##### Provided records

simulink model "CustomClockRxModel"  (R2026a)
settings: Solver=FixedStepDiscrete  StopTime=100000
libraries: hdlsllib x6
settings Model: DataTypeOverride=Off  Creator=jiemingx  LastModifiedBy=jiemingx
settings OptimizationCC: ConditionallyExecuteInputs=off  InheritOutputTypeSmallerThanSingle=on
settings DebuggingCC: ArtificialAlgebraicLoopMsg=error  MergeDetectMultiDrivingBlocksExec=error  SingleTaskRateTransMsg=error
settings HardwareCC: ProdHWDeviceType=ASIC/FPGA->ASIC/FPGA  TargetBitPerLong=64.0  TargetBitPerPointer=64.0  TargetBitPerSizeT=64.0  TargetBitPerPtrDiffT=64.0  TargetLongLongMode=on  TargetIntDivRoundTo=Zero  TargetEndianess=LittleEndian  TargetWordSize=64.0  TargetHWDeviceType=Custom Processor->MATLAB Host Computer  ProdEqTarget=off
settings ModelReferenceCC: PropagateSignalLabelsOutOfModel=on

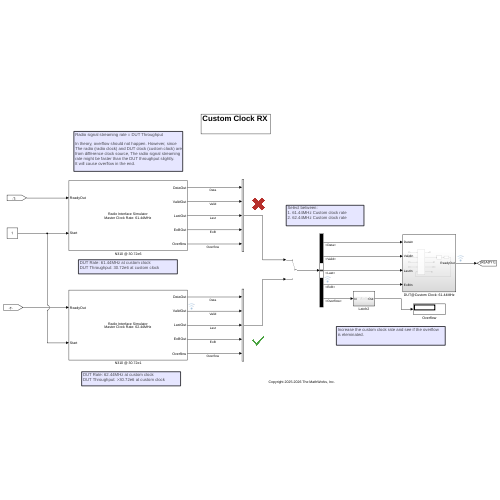
[thumbnail: Simulink's stored preview of the top-level diagram]
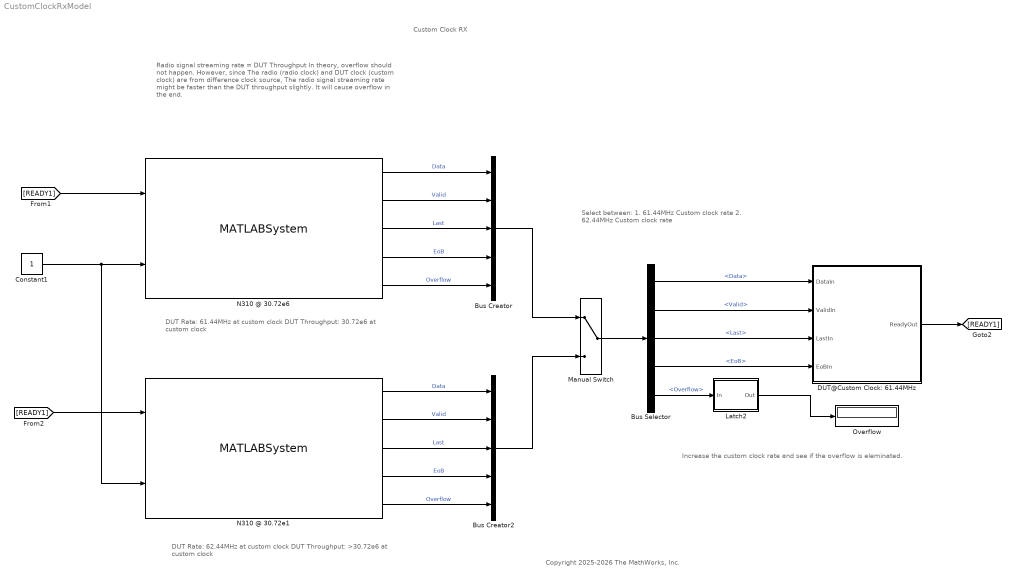
== system CustomClockRxModel ==
  note: DUT Rate: 61.44MHz at custom clock
      | DUT Throughput: 30.72e6 at custom clock
  note: Radio signal streaming rate = DUT Throughput
      |
      | In theory, overflow should not happen. However, since
      | The radio (radio clock) and DUT clock (custom clock) are
      | from difference clock source, The radio signal streaming
      | rate might be faster than the DUT throughput slightly.
      | It will cause overflow in the end.
  note: Custom Clock RX
  note: Increase the custom clock rate and see if the overflow
      | is eleminated.
  note: Select between:
      | 1. 61.44MHz Custom clock rate
      | 2. 62.44MHz Custom clock rate
  note: DUT Rate: 62.44MHz at custom clock
      | DUT Throughput: >30.72e6 at custom clock
  note: Copyright 2025-2026 The MathWorks, Inc.
  Bus Creator : BusCreator  Inputs=5
  Bus Creator2 : BusCreator  Inputs=5
  Bus Selector : BusSelector  OutputSignals=Data,Valid,Last,EoB,Overflow
  Constant1 : Constant  OutDataTypeStr=boolean  SampleTime=1
  DUT@Custom Clock: 61.44MHz : Subsystem
  Latch2 : Subsystem
  Manual Switch : ManualSwitch
  N310 @ 30.72e1 : MATLABSystem  System=RadioInterfaceSim  Device=N310  TXRX=RX  ClockSource=Custom  SampleRate=61.44e6/2  DUTClockRate=62.44e6  InputDataSource=[1:10000]  SimulateUsing=Interpreted execution  ClockUncertainty=on  Uncertainty=1  Jitter=-20
      mask Type: RadioInterfaceSim
  N310 @ 30.72e6 : MATLABSystem  System=RadioInterfaceSim  Device=N310  TXRX=RX  ClockSource=Custom  SampleRate=61.44e6/2  DUTClockRate=61.44e6  InputDataSource=[1:10000]  SimulateUsing=Interpreted execution  ClockUncertainty=on  Uncertainty=1  Jitter=-20
      mask Type: RadioInterfaceSim
  Overflow : Display
  wires:
  [READY1] -> N310 @ 30.72e6/1
  Latch2/1(Out) -> Overflow/1
  Constant1/1 -> N310 @ 30.72e1/2, N310 @ 30.72e6/2
  DUT@Custom Clock: 61.44MHz/1(ReadyOut) -> [READY1]
  Bus Selector/3 -> DUT@Custom Clock: 61.44MHz/3(LastIn)  "<Last>"
  Bus Creator/1 -> Manual Switch/1
  N310 @ 30.72e6/2 -> Bus Creator/2  "Valid"
  Bus Selector/1 -> DUT@Custom Clock: 61.44MHz/1(DataIn)  "<Data>"
  N310 @ 30.72e6/1 -> Bus Creator/1  "Data"
  Bus Selector/2 -> DUT@Custom Clock: 61.44MHz/2(ValidIn)  "<Valid>"
  Manual Switch/1 -> Bus Selector/1
  N310 @ 30.72e6/3 -> Bus Creator/3  "Last"
  N310 @ 30.72e6/4 -> Bus Creator/4  "EoB"
  Bus Selector/4 -> DUT@Custom Clock: 61.44MHz/4(EoBIn)  "<EoB>"
  N310 @ 30.72e6/5 -> Bus Creator/5  "Overflow"
  N310 @ 30.72e1/3 -> Bus Creator2/3  "Last"
  N310 @ 30.72e1/1 -> Bus Creator2/1  "Data"
  N310 @ 30.72e1/5 -> Bus Creator2/5  "Overflow"
  N310 @ 30.72e1/4 -> Bus Creator2/4  "EoB"
  N310 @ 30.72e1/2 -> Bus Creator2/2  "Valid"
  Bus Creator2/1 -> Manual Switch/2
  Bus Selector/5 -> Latch2/1(In)  "<Overflow>"
  [READY1] -> N310 @ 30.72e1/1

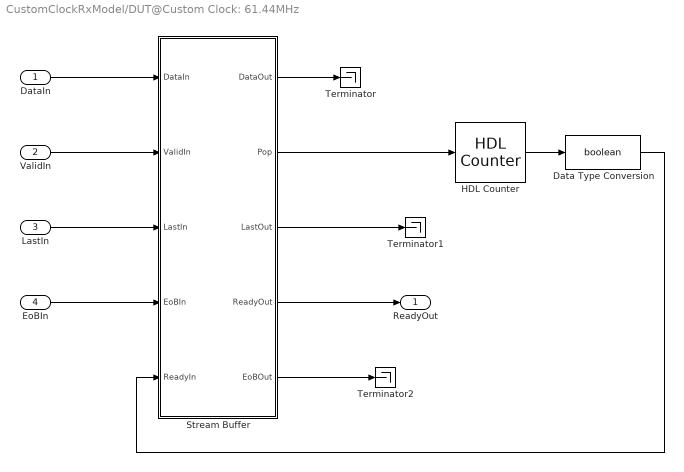
== system CustomClockRxModel/DUT@Custom Clock: 61.44MHz ==
  DataIn : Inport
  ValidIn : Inport  Port=2
  LastIn : Inport  Port=3
  EoBIn : Inport  Port=4
  Data Type Conversion : DataTypeConversion  OutDataTypeStr=boolean  SaturateOnIntegerOverflow=off  RndMeth=Floor
  HDL Counter : hdlsllib/Sources/HDL Counter  CountType=Free running  CountInit=0  CountStep=1  CountMax=25  CountFromType=Initial value  CountFrom=0  CountResetPort=off  CountLoadPort=off  CountEnbPort=on  CountDirPort=off  CountHitOutputPort=off  CountDataType=Unsigned  CountWordLen=1  CountFracLen=0  CountSampTime=1
  Stream Buffer : Subsystem
  Terminator : Terminator
  Terminator1 : Terminator
  Terminator2 : Terminator
  ReadyOut : Outport
  wires:
  HDL Counter/1 -> Data Type Conversion/1
  ValidIn/1 -> Stream Buffer/2(ValidIn)
  Data Type Conversion/1 -> Stream Buffer/5(ReadyIn)
  DataIn/1 -> Stream Buffer/1(DataIn)
  LastIn/1 -> Stream Buffer/3(LastIn)
  Stream Buffer/1(DataOut) -> Terminator/1
  Stream Buffer/2(Pop) -> HDL Counter/1
  Stream Buffer/3(LastOut) -> Terminator1/1
  Stream Buffer/4(ReadyOut) -> ReadyOut/1
  Stream Buffer/5(EoBOut) -> Terminator2/1
  EoBIn/1 -> Stream Buffer/4(EoBIn)

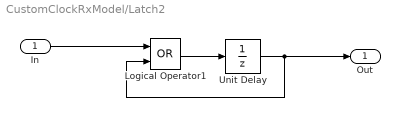
== system CustomClockRxModel/Latch2 ==
  In : Inport
  Logical Operator1 : Logic  Operator=OR  AllPortsSameDT=off  OutDataTypeStr=boolean
  Unit Delay : UnitDelay  SampleTime=-1
  Out : Outport
  wires:
  Unit Delay/1 -> Out/1, Logical Operator1/2
  In/1 -> Logical Operator1/1
  Logical Operator1/1 -> Unit Delay/1

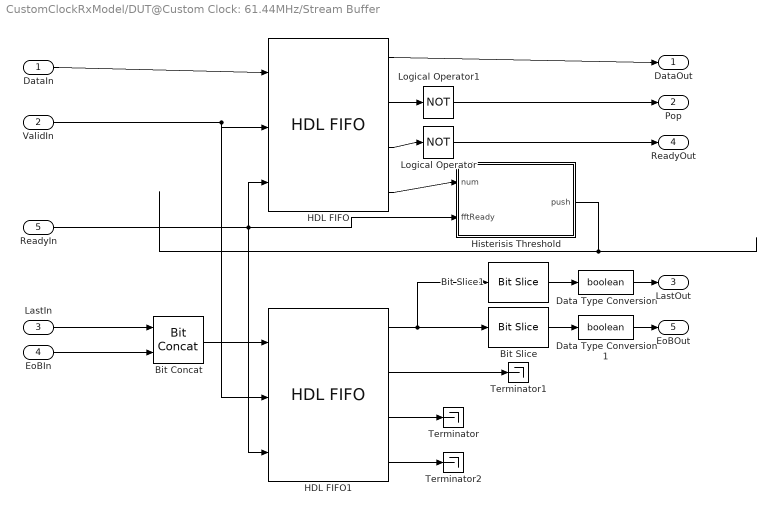
== system CustomClockRxModel/DUT@Custom Clock: 61.44MHz/Stream Buffer ==
  DataIn : Inport
  ValidIn : Inport  Port=2
  LastIn : Inport  Port=3
  EoBIn : Inport  Port=4
  ReadyIn : Inport  Port=5
  Bit Concat : hdlsllib/Logic and Bit Operations/Bit Concat  numInputs=2
  Bit Slice : hdlsllib/Logic and Bit Operations/Bit Slice  lidx=0  ridx=0
  Bit Slice1 : hdlsllib/Logic and Bit Operations/Bit Slice  lidx=1  ridx=1
  Data Type Conversion : DataTypeConversion  OutDataTypeStr=boolean  SaturateOnIntegerOverflow=off  RndMeth=Floor
  Data Type Conversion1 : DataTypeConversion  OutDataTypeStr=boolean  SaturateOnIntegerOverflow=off  RndMeth=Floor
  HDL FIFO : hdlsllib/HDL RAMs/HDL FIFO  fifo_size=512  mode=Classic  ratio=1  dataDim=1  push_msg=Warning  pop_msg=Warning  show_empty=on  show_full=on  show_num=on  LabelModeActiveChoice_Mode=Classic  rst_port=off
  HDL FIFO1 : hdlsllib/HDL RAMs/HDL FIFO  fifo_size=512  mode=Classic  ratio=1  dataDim=1  push_msg=Warning  pop_msg=Warning  show_empty=on  show_full=on  show_num=on  LabelModeActiveChoice_Mode=Classic  rst_port=off
  Histerisis Threshold : MATLAB Function  TreatAsAtomicUnit=on
  Logical Operator : Logic  Operator=NOT  AllPortsSameDT=off  OutDataTypeStr=boolean
  Logical Operator1 : Logic  Operator=NOT  AllPortsSameDT=off  OutDataTypeStr=boolean
  Terminator : Terminator
  Terminator1 : Terminator
  Terminator2 : Terminator
  DataOut : Outport
  Pop : Outport  Port=2
  LastOut : Outport  Port=3
  ReadyOut : Outport  Port=4
  EoBOut : Outport  Port=5
  wires:
  Logical Operator/1 -> ReadyOut/1
  HDL FIFO/4 -> Histerisis Threshold/1(num)
  HDL FIFO/2 -> Logical Operator1/1
  Histerisis Threshold/1(push) -> ?
  DataIn/1 -> HDL FIFO/1
  HDL FIFO/1 -> DataOut/1
  HDL FIFO/3 -> Logical Operator/1
  ValidIn/1 -> HDL FIFO1/2, HDL FIFO/2
  ReadyIn/1 -> HDL FIFO1/3, HDL FIFO/3, Histerisis Threshold/2(fftReady)
  HDL FIFO1/3 -> Terminator/1
  HDL FIFO1/4 -> Terminator2/1
  HDL FIFO1/2 -> Terminator1/1
  HDL FIFO1/1 -> Bit Slice1/1, Bit Slice/1
  LastIn/1 -> Bit Concat/1
  EoBIn/1 -> Bit Concat/2
  Bit Concat/1 -> HDL FIFO1/1
  Bit Slice1/1 -> Data Type Conversion/1
  Bit Slice/1 -> Data Type Conversion1/1
  Data Type Conversion/1 -> LastOut/1
  Data Type Conversion1/1 -> EoBOut/1
  Logical Operator1/1 -> Pop/1

== matlab function CustomClockRxModel/DUT@Custom Clock: 61.44MHz/Stream Buffer/Histerisis Threshold ==
  data: num input; push output; fftReady input boolean
function push = fcn(num, fftReady)

persistent state;
THRESHOLD0 = 0;
THRESHOLD1 = 1024;

if isempty(state)
    state = false;
end

if(state)
    if(fftReady)
        push = true;
    else
        push = false;
    end
else
    push = false;
end

if(num >= THRESHOLD1 && ~state)
    state = true;
elseif(num == THRESHOLD0 || ~fftReady)
    state = false;
end

##########

• [What to produce]: Look above for the line with "Logical Operator : Logic" and the line with "HDL FIFO1/3 -> Terminator/1"; transcribe both and all lines in between, exactly, and nothing else.

• [Exercise output]:
  Logical Operator : Logic  Operator=NOT  AllPortsSameDT=off  OutDataTypeStr=boolean
  Logical Operator1 : Logic  Operator=NOT  AllPortsSameDT=off  OutDataTypeStr=boolean
  Terminator : Terminator
  Terminator1 : Terminator
  Terminator2 : Terminator
  DataOut : Outport
  Pop : Outport  Port=2
  LastOut : Outport  Port=3
  ReadyOut : Outport  Port=4
  EoBOut : Outport  Port=5
  wires:
  Logical Operator/1 -> ReadyOut/1
  HDL FIFO/4 -> Histerisis Threshold/1(num)
  HDL FIFO/2 -> Logical Operator1/1
  Histerisis Threshold/1(push) -> ?
  DataIn/1 -> HDL FIFO/1
  HDL FIFO/1 -> DataOut/1
  HDL FIFO/3 -> Logical Operator/1
  ValidIn/1 -> HDL FIFO1/2, HDL FIFO/2
  ReadyIn/1 -> HDL FIFO1/3, HDL FIFO/3, Histerisis Threshold/2(fftReady)
  HDL FIFO1/3 -> Terminator/1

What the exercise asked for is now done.